Her team is already watching potential rivals on the national stage, with one adviser contrasting her with DeSantis late last year and a spokesman openly criticizing the Florida governor’s record on abortion. Noem will be in Washington on Wednesday to speak at the America First Policy Institute, discussing China. But it’s not clear Noem will take the plunge for 2024. She recently told CBS News that she’s “not convinced” that she needs to run for president but that she also believes “that this country needs somebody to lead us that has a vision.”

The Republican governor of New Hampshire — a key early primary state — won his fourth term by a 15-point margin in November, and he has signaled interest in a presidential run while drawing contrasts with other contenders such as DeSantis. “I’m No. 1 in personal freedoms. Sorry, Ron, you’re No. 2,” Chris Sununu told Fox News recently, referring to the Florida governor while advocating limited government and criticizing DeSantis’s moves to punish companies he views as “woke.”
A vocal critic of Trump, Sununu roasted the former president at last year’s Gridiron Club dinner as “f—ing crazy.” (But even as Sununu has distanced himself from Trump, he endorsed a candidate for the Senate who helped spread Trump’s baseless claims of widespread voter fraud in the 2020 election.) Sununu recently launched a “Live Free or Die” committee — named for his state’s motto — that can raise unlimited funds and could support a presidential bid.

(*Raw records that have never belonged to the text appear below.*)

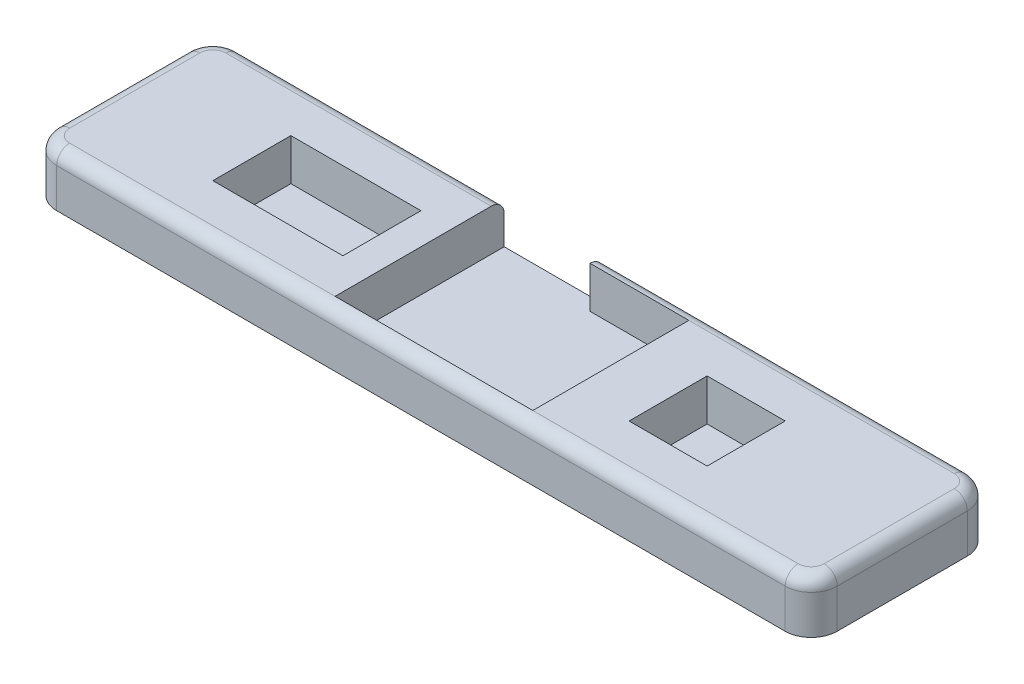
ISO-10303-21;
HEADER;
FILE_DESCRIPTION(('STEP AP214'),'2;1');
FILE_NAME('part.step','',(''),(''),'','','');
FILE_SCHEMA(('AUTOMOTIVE_DESIGN { 1 0 10303 214 1 1 1 1 }'));
ENDSEC;
DATA;
#1=APPLICATION_CONTEXT('core data for automotive mechanical design processes');
#2=APPLICATION_PROTOCOL_DEFINITION('international standard','automotive_design',2000,#1);
#3=PRODUCT_CONTEXT('',#1,'mechanical');
#4=PRODUCT('Part','Part','',(#3));
#5=PRODUCT_RELATED_PRODUCT_CATEGORY('part','',(#4));
#6=PRODUCT_DEFINITION_FORMATION('','',#4);
#7=PRODUCT_DEFINITION_CONTEXT('part definition',#1,'design');
#8=PRODUCT_DEFINITION('design','',#6,#7);
#9=PRODUCT_DEFINITION_SHAPE('','',#8);
#10=(LENGTH_UNIT() NAMED_UNIT(*) SI_UNIT(.MILLI.,.METRE.));
#11=(NAMED_UNIT(*) PLANE_ANGLE_UNIT() SI_UNIT($,.RADIAN.));
#12=(NAMED_UNIT(*) SI_UNIT($,.STERADIAN.) SOLID_ANGLE_UNIT());
#13=UNCERTAINTY_MEASURE_WITH_UNIT(LENGTH_MEASURE(1.E-05),#10,'distance_accuracy_value','');
#14=(GEOMETRIC_REPRESENTATION_CONTEXT(3) GLOBAL_UNCERTAINTY_ASSIGNED_CONTEXT((#13)) GLOBAL_UNIT_ASSIGNED_CONTEXT((#10,
#11,#12)) REPRESENTATION_CONTEXT('',''));
#15=CARTESIAN_POINT('',(0.,0.,0.));
#16=DIRECTION('',(0.,0.,1.));
#17=DIRECTION('',(1.,0.,0.));
#18=AXIS2_PLACEMENT_3D('',#15,#16,#17);
#19=CARTESIAN_POINT('',(0.,10.,0.));
#20=DIRECTION('',(0.,-1.,0.));
#21=DIRECTION('',(0.,0.,-1.));
#22=AXIS2_PLACEMENT_3D('',#19,#20,#21);
#23=PLANE('',#22);
#24=DIRECTION('',(0.,0.,-1.));
#25=VECTOR('',#24,1.);
#26=CARTESIAN_POINT('',(45.,10.,7.5));
#27=LINE('',#26,#25);
#28=CARTESIAN_POINT('',(45.,10.,7.5));
#29=VERTEX_POINT('',#28);
#30=CARTESIAN_POINT('',(45.,10.,-7.5));
#31=VERTEX_POINT('',#30);
#32=EDGE_CURVE('E457',#29,#31,#27,.T.);
#33=ORIENTED_EDGE('',*,*,#32,.F.);
#34=DIRECTION('',(1.,0.,0.));
#35=VECTOR('',#34,1.);
#36=CARTESIAN_POINT('',(30.,10.,7.5));
#37=LINE('',#36,#35);
#38=CARTESIAN_POINT('',(30.,10.,7.5));
#39=VERTEX_POINT('',#38);
#40=EDGE_CURVE('E450',#39,#29,#37,.T.);
#41=ORIENTED_EDGE('',*,*,#40,.F.);
#42=DIRECTION('',(0.,0.,1.));
#43=VECTOR('',#42,1.);
#44=CARTESIAN_POINT('',(30.,10.,7.5));
#45=LINE('',#44,#43);
#46=CARTESIAN_POINT('',(30.,10.,-7.5));
#47=VERTEX_POINT('',#46);
#48=EDGE_CURVE('E452',#47,#39,#45,.T.);
#49=ORIENTED_EDGE('',*,*,#48,.F.);
#50=DIRECTION('',(-1.,0.,0.));
#51=VECTOR('',#50,1.);
#52=CARTESIAN_POINT('',(30.,10.,-7.5));
#53=LINE('',#52,#51);
#54=EDGE_CURVE('E455',#31,#47,#53,.T.);
#55=ORIENTED_EDGE('',*,*,#54,.F.);
#56=EDGE_LOOP('',(#33,#41,#49,#55));
#57=FACE_BOUND('',#56,.T.);
#58=CARTESIAN_POINT('',(70.,10.,12.5));
#59=DIRECTION('',(0.,-1.,0.));
#60=DIRECTION('',(0.,0.,-1.));
#61=AXIS2_PLACEMENT_3D('',#58,#59,#60);
#62=CIRCLE('',#61,2.5);
#63=CARTESIAN_POINT('',(72.5,10.,12.5));
#64=VERTEX_POINT('',#63);
#65=CARTESIAN_POINT('',(70.,10.,15.));
#66=VERTEX_POINT('',#65);
#67=EDGE_CURVE('E269',#64,#66,#62,.T.);
#68=ORIENTED_EDGE('',*,*,#67,.F.);
#69=DIRECTION('',(0.,0.,-1.));
#70=VECTOR('',#69,1.);
#71=CARTESIAN_POINT('',(72.5,10.,0.));
#72=LINE('',#71,#70);
#73=CARTESIAN_POINT('',(72.5,10.,-12.5));
#74=VERTEX_POINT('',#73);
#75=EDGE_CURVE('E342',#64,#74,#72,.T.);
#76=ORIENTED_EDGE('',*,*,#75,.T.);
#77=CARTESIAN_POINT('',(70.,10.,-12.5));
#78=DIRECTION('',(0.,-1.,0.));
#79=DIRECTION('',(0.,0.,-1.));
#80=AXIS2_PLACEMENT_3D('',#77,#78,#79);
#81=CIRCLE('',#80,2.5);
#82=CARTESIAN_POINT('',(70.,10.,-15.));
#83=VERTEX_POINT('',#82);
#84=EDGE_CURVE('E266',#83,#74,#81,.T.);
#85=ORIENTED_EDGE('',*,*,#84,.F.);
#86=DIRECTION('',(-1.,0.,0.));
#87=VECTOR('',#86,1.);
#88=CARTESIAN_POINT('',(0.,10.,-15.));
#89=LINE('',#88,#87);
#90=CARTESIAN_POINT('',(19.,10.,-15.));
#91=VERTEX_POINT('',#90);
#92=EDGE_CURVE('E345',#83,#91,#89,.T.);
#93=ORIENTED_EDGE('',*,*,#92,.T.);
#94=DIRECTION('',(0.,0.,-1.));
#95=VECTOR('',#94,1.);
#96=CARTESIAN_POINT('',(19.,10.,15.));
#97=LINE('',#96,#95);
#98=CARTESIAN_POINT('',(19.,10.,15.));
#99=VERTEX_POINT('',#98);
#100=EDGE_CURVE('E238',#99,#91,#97,.T.);
#101=ORIENTED_EDGE('',*,*,#100,.F.);
#102=DIRECTION('',(1.,0.,0.));
#103=VECTOR('',#102,1.);
#104=CARTESIAN_POINT('',(0.,10.,15.));
#105=LINE('',#104,#103);
#106=EDGE_CURVE('E347',#99,#66,#105,.T.);
#107=ORIENTED_EDGE('',*,*,#106,.T.);
#108=EDGE_LOOP('',(#68,#76,#85,#93,#101,#107));
#109=FACE_BOUND('',#108,.T.);
#110=ADVANCED_FACE('F39',(#57,#109),#23,.F.);
#111=DIRECTION('',(0.,0.,-1.));
#112=VECTOR('',#111,1.);
#113=CARTESIAN_POINT('',(-25.,10.,7.5));
#114=LINE('',#113,#112);
#115=CARTESIAN_POINT('',(-25.,10.,7.5));
#116=VERTEX_POINT('',#115);
#117=CARTESIAN_POINT('',(-25.,10.,-7.5));
#118=VERTEX_POINT('',#117);
#119=EDGE_CURVE('E436',#116,#118,#114,.T.);
#120=ORIENTED_EDGE('',*,*,#119,.F.);
#121=DIRECTION('',(1.,0.,0.));
#122=VECTOR('',#121,1.);
#123=CARTESIAN_POINT('',(-50.,10.,7.5));
#124=LINE('',#123,#122);
#125=CARTESIAN_POINT('',(-50.,10.,7.5));
#126=VERTEX_POINT('',#125);
#127=EDGE_CURVE('E429',#126,#116,#124,.T.);
#128=ORIENTED_EDGE('',*,*,#127,.F.);
#129=DIRECTION('',(0.,0.,1.));
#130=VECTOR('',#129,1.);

Glenn Youngkin, the Virginia governor who flipped the office to Republicans in 2021, has repeatedly said he is “humbled” by speculation he may run for president, without committing to anything. The former executive of a private equity firm recently made headlines for rejecting the possibility of a Ford electric battery plant opening in his state; Youngkin cited concerns about the car manufacturer’s work with China, but some critics viewed his objections as political positioning for a potential GOP primary in 2024.
Youngkin is also pushing for further individual and corporate tax cuts in Virginia but is running up against opposition from Democrats, who hold a majority in the state Senate.
Others to watch

The former Wyoming congresswoman has waged a long, lonely battle to steer her party away from Trump, persistently criticizing the former president and warning of the damage he was doing not just to the GOP but also to democracy. For her efforts, Liz Cheney was ousted in 2021 from her position as House conference chair and replaced with Rep. Elise Stefanik (R-N.Y.), a staunch Trump defender. Cheney would go on to serve as one of two Republicans on the House select committee investigating the Jan. 6 insurrection.
Last year, Cheney lost her primary race in Wyoming to Harriet M. Hageman, another election denier, by a historic margin. Cheney has vowed to do whatever it takes to prevent Trump from reaching the White House again and has not ruled out running for president herself.

Tim Scott, the only Black U.S. senator in the GOP, is seriously considering a presidential run, according to people close to him, and will kick off a “listening tour” in South Carolina this week, one day after the launch event of his fellow South Carolinian, Haley. Scott will then head to Iowa as he lays groundwork for a campaign, including by tapping former Colorado senator Cory Gardner and operative Rob Collins to chair his super PAC, as first reported by Axios.
The lawmaker from South Carolina, a pivotal state in the primaries, hinted at national ambitions after winning reelection in the fall, saying he wished his grandfather had lived to see a second man of color elected president — “but this time let it be a Republican.”